── EXERCISE DATA

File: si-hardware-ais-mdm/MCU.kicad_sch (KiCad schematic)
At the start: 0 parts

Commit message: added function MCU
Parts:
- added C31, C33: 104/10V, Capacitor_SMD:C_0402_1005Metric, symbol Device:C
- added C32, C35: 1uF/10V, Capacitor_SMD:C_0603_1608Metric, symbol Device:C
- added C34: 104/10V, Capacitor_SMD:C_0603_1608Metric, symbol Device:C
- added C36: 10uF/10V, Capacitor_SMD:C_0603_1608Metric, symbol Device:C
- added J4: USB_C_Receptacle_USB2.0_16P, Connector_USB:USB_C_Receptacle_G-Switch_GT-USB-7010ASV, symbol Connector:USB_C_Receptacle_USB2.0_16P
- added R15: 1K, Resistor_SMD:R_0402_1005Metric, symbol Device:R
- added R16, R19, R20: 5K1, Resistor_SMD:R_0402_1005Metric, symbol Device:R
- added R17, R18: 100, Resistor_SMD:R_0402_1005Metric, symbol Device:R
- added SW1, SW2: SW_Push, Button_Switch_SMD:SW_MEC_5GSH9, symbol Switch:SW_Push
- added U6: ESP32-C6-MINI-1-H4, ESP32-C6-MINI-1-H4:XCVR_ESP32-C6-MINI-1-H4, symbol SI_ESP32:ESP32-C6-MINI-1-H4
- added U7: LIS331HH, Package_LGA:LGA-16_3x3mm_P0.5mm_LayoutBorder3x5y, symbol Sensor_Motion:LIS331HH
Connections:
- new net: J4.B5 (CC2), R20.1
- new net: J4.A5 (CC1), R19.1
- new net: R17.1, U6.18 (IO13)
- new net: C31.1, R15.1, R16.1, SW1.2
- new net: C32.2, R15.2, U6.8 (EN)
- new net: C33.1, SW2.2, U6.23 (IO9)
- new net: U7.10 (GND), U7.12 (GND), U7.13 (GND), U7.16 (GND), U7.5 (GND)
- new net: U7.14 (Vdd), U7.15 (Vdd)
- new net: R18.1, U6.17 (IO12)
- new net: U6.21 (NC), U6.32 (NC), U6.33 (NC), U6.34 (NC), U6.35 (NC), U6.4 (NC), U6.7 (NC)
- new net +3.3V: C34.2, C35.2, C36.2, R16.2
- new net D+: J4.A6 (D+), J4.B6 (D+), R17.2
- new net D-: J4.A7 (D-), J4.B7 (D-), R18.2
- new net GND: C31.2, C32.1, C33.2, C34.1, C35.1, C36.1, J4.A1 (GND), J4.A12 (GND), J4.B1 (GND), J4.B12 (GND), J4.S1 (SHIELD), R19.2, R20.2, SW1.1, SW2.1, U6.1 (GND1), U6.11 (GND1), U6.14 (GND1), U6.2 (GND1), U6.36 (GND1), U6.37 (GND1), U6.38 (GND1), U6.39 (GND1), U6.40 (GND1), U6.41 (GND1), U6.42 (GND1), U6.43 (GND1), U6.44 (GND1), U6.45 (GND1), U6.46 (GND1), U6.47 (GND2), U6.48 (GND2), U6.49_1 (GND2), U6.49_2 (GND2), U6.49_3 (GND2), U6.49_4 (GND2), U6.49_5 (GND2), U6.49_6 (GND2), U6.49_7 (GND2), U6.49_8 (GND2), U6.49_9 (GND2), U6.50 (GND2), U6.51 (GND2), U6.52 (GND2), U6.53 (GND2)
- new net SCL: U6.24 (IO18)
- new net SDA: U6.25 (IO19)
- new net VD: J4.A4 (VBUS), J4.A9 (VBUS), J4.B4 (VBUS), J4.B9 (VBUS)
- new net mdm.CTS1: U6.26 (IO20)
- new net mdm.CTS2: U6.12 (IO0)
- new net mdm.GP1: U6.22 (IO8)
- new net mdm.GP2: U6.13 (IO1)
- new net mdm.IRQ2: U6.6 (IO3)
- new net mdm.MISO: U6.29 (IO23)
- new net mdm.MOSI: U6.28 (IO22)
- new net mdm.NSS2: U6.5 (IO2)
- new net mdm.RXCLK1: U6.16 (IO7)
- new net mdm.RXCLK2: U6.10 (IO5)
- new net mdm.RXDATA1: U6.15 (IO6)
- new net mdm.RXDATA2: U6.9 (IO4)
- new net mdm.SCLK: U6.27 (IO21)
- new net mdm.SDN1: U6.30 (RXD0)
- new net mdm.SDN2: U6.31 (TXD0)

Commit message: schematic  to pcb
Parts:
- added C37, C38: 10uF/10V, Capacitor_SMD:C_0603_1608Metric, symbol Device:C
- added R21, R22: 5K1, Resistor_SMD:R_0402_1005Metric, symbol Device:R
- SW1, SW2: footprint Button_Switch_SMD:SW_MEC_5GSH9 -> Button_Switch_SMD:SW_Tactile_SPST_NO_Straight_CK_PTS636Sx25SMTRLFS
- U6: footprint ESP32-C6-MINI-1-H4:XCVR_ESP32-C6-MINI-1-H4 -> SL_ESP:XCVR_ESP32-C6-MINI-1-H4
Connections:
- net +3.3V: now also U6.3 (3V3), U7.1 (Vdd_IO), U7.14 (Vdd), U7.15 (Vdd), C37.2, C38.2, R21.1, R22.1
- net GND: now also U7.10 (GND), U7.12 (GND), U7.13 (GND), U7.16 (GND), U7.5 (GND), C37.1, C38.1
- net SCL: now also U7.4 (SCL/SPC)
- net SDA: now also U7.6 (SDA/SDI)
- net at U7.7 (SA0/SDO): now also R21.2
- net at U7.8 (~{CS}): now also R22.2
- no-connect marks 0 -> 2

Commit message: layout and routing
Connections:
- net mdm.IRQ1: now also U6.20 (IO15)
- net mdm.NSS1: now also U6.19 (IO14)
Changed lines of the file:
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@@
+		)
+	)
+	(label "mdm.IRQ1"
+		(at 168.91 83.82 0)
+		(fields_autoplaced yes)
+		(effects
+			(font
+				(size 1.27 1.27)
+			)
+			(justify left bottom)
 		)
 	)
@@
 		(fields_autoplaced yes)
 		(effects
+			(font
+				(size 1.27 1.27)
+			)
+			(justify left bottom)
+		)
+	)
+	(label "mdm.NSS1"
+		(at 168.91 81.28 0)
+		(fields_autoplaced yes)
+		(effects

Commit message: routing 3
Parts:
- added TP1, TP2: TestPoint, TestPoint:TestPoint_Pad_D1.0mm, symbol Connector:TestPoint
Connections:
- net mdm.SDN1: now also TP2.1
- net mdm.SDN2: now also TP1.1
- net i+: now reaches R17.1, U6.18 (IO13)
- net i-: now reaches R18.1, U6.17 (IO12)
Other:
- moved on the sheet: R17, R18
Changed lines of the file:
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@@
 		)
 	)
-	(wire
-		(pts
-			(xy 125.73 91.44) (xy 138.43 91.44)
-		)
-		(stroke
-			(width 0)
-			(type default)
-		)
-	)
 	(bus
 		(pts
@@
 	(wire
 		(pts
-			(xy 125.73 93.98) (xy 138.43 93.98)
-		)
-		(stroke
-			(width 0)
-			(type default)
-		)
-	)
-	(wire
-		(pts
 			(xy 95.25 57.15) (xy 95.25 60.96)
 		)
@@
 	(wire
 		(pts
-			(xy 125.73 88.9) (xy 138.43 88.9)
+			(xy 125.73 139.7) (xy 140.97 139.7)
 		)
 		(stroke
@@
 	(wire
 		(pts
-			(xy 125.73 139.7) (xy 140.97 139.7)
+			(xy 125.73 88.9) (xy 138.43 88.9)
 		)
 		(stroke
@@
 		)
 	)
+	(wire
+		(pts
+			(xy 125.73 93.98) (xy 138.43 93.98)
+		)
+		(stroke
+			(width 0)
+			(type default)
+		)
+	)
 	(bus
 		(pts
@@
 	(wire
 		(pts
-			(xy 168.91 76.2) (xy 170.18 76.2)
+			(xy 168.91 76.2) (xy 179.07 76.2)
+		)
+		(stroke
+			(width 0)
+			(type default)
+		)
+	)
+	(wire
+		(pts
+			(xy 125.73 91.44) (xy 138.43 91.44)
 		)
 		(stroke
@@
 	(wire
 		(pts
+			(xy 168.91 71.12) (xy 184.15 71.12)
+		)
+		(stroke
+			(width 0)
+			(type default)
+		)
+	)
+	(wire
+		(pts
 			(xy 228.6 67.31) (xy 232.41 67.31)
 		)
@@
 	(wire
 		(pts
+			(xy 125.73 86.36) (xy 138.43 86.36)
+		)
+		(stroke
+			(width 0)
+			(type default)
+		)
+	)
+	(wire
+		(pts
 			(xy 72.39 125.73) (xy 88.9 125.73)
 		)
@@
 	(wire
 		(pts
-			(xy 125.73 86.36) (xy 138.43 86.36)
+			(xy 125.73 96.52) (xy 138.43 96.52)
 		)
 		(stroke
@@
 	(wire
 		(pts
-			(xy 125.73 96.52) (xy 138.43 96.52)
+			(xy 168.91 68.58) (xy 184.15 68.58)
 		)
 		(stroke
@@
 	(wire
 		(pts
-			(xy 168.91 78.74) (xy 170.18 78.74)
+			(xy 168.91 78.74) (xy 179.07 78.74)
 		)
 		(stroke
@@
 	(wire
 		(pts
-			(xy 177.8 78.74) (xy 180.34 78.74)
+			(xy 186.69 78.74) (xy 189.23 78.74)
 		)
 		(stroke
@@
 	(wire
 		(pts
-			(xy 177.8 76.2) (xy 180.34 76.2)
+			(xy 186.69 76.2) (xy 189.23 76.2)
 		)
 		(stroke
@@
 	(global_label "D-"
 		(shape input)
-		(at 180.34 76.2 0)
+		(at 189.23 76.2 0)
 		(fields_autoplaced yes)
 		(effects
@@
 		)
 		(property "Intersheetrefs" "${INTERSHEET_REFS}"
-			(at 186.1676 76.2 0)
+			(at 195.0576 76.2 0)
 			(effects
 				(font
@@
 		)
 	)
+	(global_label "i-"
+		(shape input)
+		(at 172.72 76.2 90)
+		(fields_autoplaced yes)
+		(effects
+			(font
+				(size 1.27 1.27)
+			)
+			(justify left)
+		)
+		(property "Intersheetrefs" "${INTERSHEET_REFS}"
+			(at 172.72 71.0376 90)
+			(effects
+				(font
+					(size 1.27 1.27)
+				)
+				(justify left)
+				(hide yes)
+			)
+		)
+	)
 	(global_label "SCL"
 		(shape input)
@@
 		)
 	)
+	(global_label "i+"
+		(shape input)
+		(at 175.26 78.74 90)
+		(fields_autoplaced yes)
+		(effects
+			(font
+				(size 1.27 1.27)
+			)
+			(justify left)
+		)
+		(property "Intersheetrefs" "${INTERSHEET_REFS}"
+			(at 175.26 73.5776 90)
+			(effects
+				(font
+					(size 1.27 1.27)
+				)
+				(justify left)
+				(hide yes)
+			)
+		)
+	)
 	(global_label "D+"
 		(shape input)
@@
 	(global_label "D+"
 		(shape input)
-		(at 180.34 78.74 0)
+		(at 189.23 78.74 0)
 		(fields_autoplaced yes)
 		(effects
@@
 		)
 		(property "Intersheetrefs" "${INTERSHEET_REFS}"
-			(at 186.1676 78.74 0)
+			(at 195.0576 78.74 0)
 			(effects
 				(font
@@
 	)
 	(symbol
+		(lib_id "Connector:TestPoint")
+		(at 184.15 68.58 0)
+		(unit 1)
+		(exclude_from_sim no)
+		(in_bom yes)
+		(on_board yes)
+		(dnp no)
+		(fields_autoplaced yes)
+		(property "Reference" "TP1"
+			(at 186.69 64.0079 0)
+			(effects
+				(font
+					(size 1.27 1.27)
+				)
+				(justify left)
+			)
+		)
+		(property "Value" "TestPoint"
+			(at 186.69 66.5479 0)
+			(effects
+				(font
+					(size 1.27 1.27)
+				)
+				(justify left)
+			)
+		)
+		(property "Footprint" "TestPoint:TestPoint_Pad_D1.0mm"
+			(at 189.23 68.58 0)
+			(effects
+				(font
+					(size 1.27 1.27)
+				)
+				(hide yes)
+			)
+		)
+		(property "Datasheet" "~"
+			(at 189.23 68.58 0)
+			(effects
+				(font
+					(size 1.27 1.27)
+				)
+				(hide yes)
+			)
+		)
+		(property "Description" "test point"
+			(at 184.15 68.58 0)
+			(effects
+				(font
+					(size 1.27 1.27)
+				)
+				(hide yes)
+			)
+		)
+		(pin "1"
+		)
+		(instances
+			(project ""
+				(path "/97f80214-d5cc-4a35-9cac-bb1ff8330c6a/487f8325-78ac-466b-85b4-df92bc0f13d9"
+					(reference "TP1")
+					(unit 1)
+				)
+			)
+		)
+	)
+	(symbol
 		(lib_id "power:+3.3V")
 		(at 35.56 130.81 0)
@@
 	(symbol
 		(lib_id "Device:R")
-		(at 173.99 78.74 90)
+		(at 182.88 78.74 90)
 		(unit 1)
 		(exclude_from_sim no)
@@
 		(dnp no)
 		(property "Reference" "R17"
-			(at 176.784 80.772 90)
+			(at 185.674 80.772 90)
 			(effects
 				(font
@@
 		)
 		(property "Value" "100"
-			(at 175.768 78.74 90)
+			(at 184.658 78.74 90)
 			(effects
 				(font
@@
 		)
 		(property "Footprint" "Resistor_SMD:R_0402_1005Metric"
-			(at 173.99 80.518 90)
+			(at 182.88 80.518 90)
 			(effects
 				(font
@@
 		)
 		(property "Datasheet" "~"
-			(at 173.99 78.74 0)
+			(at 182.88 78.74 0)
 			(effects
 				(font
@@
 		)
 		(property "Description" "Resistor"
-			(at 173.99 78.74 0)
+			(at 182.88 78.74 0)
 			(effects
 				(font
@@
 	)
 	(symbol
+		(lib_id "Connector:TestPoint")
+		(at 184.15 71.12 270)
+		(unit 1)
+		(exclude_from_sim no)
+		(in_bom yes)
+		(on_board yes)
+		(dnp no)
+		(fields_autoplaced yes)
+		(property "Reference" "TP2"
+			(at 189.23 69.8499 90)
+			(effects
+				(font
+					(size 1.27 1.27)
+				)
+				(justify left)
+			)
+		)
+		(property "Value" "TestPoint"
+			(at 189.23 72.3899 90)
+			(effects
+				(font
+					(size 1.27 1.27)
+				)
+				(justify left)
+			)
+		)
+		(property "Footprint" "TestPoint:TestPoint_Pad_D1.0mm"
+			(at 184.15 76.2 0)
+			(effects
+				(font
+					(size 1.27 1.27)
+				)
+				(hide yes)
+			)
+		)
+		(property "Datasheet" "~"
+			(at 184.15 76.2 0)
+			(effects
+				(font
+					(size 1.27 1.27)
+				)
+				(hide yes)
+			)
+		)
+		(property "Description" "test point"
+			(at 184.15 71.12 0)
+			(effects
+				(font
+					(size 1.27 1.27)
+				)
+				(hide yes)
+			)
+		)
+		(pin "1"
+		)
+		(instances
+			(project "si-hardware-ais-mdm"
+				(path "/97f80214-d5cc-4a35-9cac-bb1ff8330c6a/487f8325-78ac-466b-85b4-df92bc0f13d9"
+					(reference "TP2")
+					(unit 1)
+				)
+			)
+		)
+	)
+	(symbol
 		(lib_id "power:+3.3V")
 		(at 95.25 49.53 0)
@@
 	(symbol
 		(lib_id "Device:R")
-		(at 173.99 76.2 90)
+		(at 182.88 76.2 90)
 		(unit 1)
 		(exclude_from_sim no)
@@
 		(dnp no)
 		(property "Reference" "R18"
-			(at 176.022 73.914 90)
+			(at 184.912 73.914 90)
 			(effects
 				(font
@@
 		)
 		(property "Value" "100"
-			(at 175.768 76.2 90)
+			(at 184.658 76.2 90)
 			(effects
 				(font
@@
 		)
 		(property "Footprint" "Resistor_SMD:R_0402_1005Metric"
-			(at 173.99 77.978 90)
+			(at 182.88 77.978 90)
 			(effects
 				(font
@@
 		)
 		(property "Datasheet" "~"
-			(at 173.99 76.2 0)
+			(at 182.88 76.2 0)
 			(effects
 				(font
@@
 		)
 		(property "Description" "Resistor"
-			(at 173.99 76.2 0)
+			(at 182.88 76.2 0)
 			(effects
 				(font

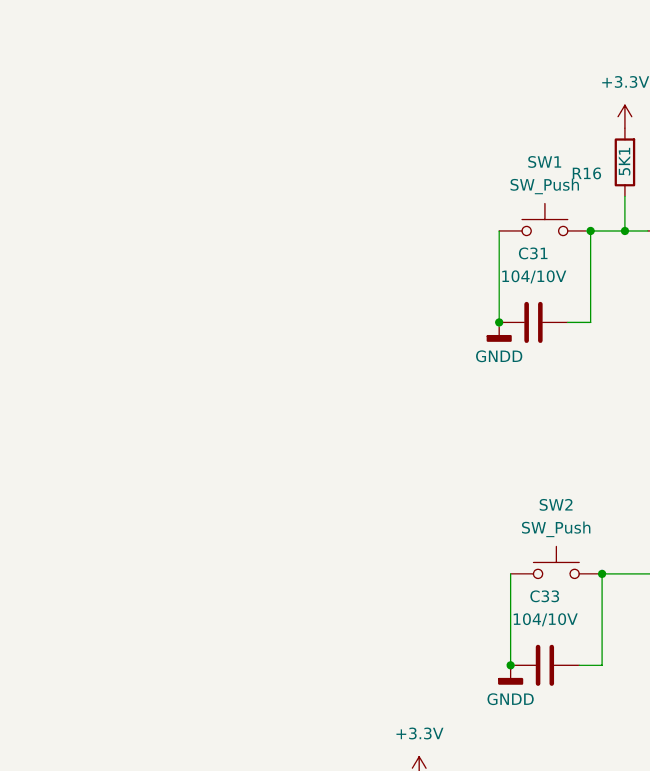
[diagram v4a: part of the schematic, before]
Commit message: added chip flash 24LC64
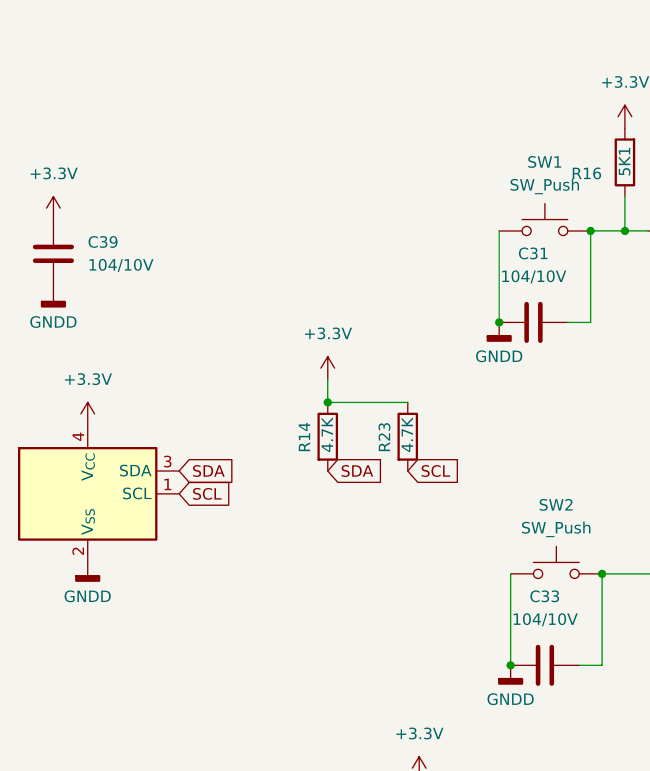
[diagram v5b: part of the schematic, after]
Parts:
- added C39: 104/10V, Capacitor_SMD:C_0402_1005Metric, symbol Device:C
- added R14, R23: 4.7K, Resistor_SMD:R_0402_1005Metric, symbol Device:R
- added U9: 24AA02E-OT, Package_TO_SOT_SMD:SOT-23-5, symbol Memory_EEPROM:24AA02E-OT
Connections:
- net +3.3V: now also C39.1, R14.1, R23.1, U9.4 (V_{CC})
- net GND: now also C39.2, U9.2 (V_{SS})
- net SCL: now also R23.2, U9.1 (SCL)
- net SDA: now also R14.2, U9.3 (SDA)

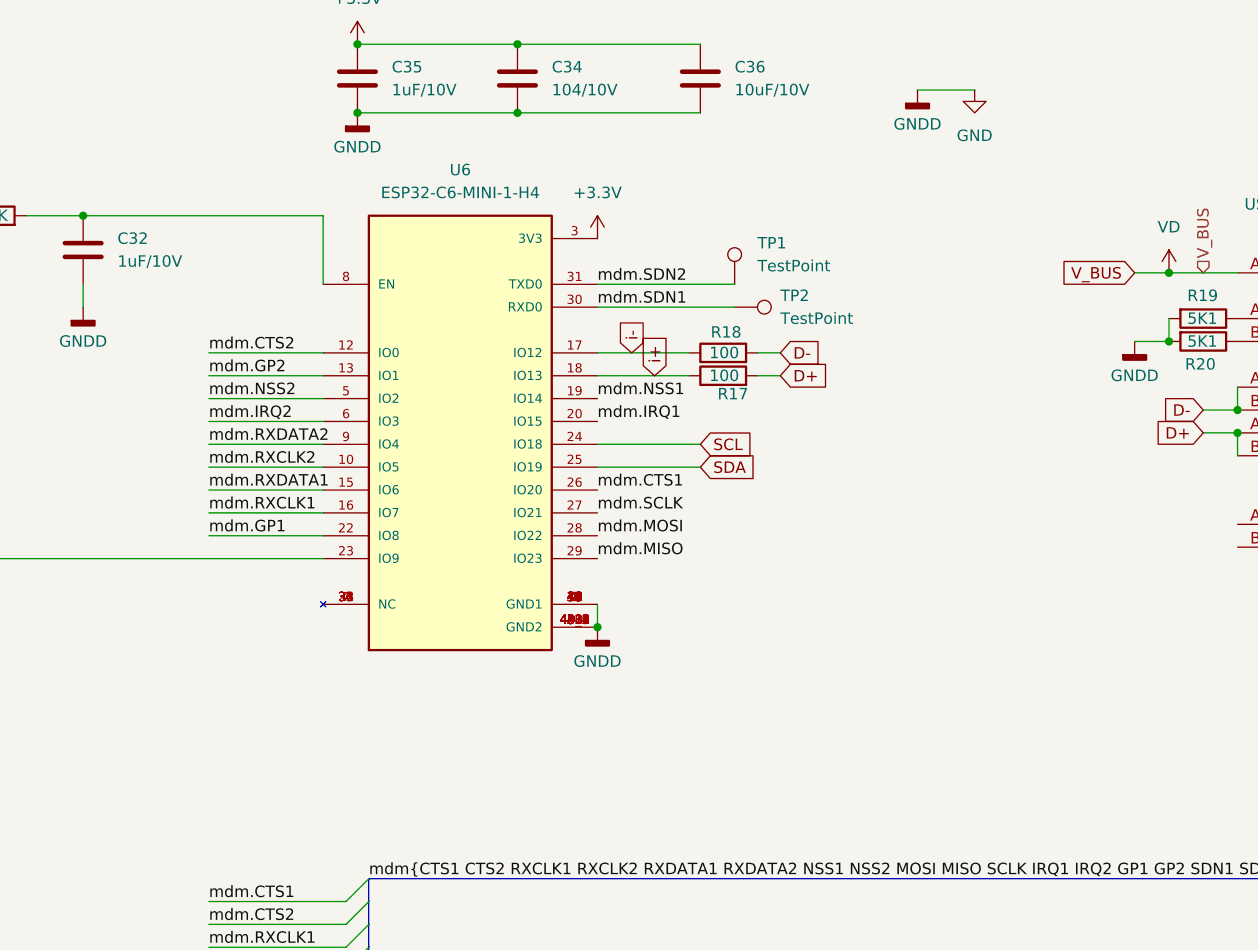
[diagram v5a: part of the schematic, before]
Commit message: added ic charger
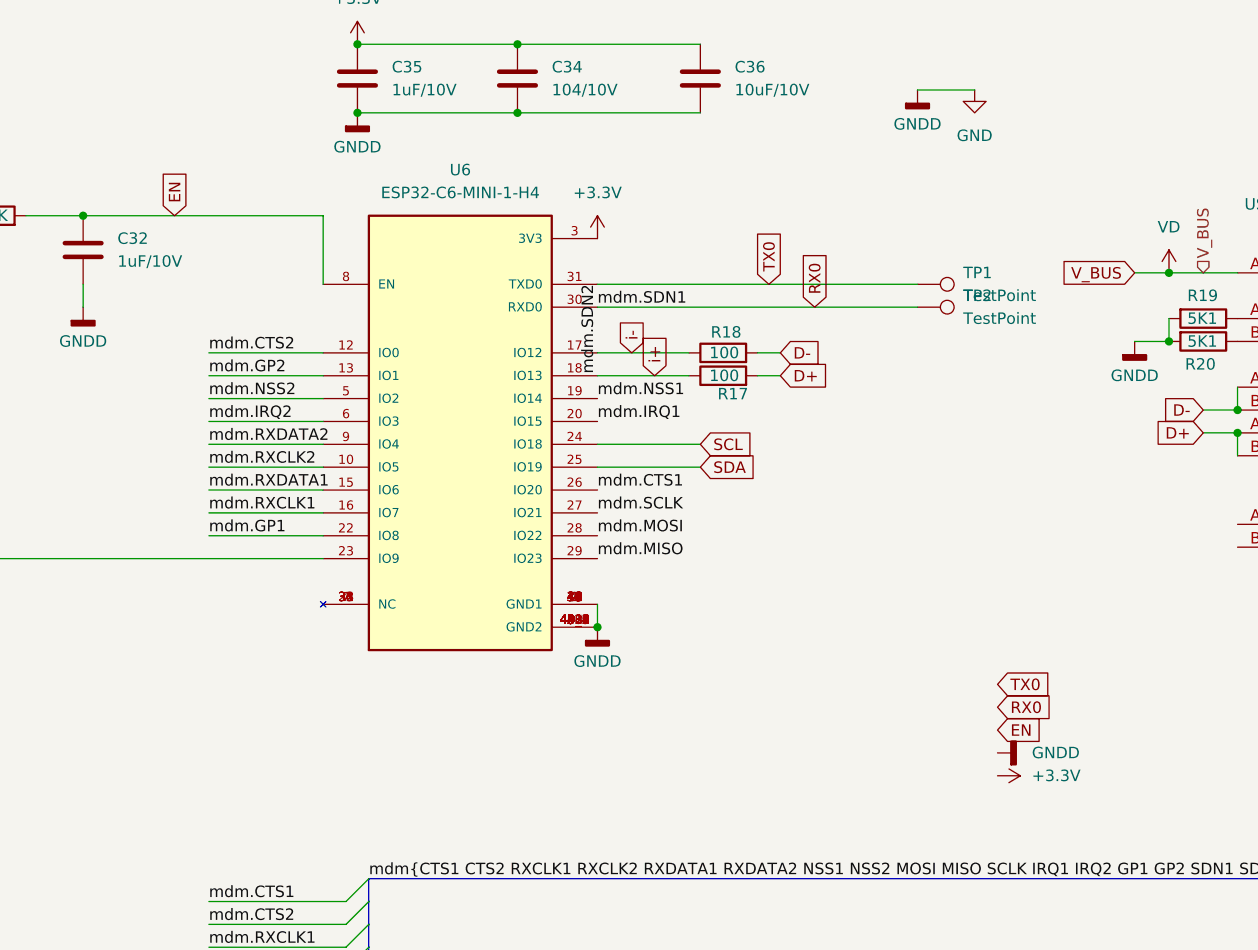
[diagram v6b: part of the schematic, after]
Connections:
- net EN: now reaches C32.2, R15.2, U6.8 (EN)
- net mdm.SDN1 renamed RX0
- net mdm.SDN2 renamed TX0
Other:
- moved on the sheet: TP1, TP2

────

### REQUIRED ACTION
The lines needed run from the first line of the data through the line containing "- added C34: 104/10V, Capacitor_SMD:C_0603_1608Metric, symbol"; give them again exactly and nothing else.

### RESPONSE
File: si-hardware-ais-mdm/MCU.kicad_sch (KiCad schematic)
At the start: 0 parts

Commit message: added function MCU
Parts:
- added C31, C33: 104/10V, Capacitor_SMD:C_0402_1005Metric, symbol Device:C
- added C32, C35: 1uF/10V, Capacitor_SMD:C_0603_1608Metric, symbol Device:C
- added C34: 104/10V, Capacitor_SMD:C_0603_1608Metric, symbol Device:C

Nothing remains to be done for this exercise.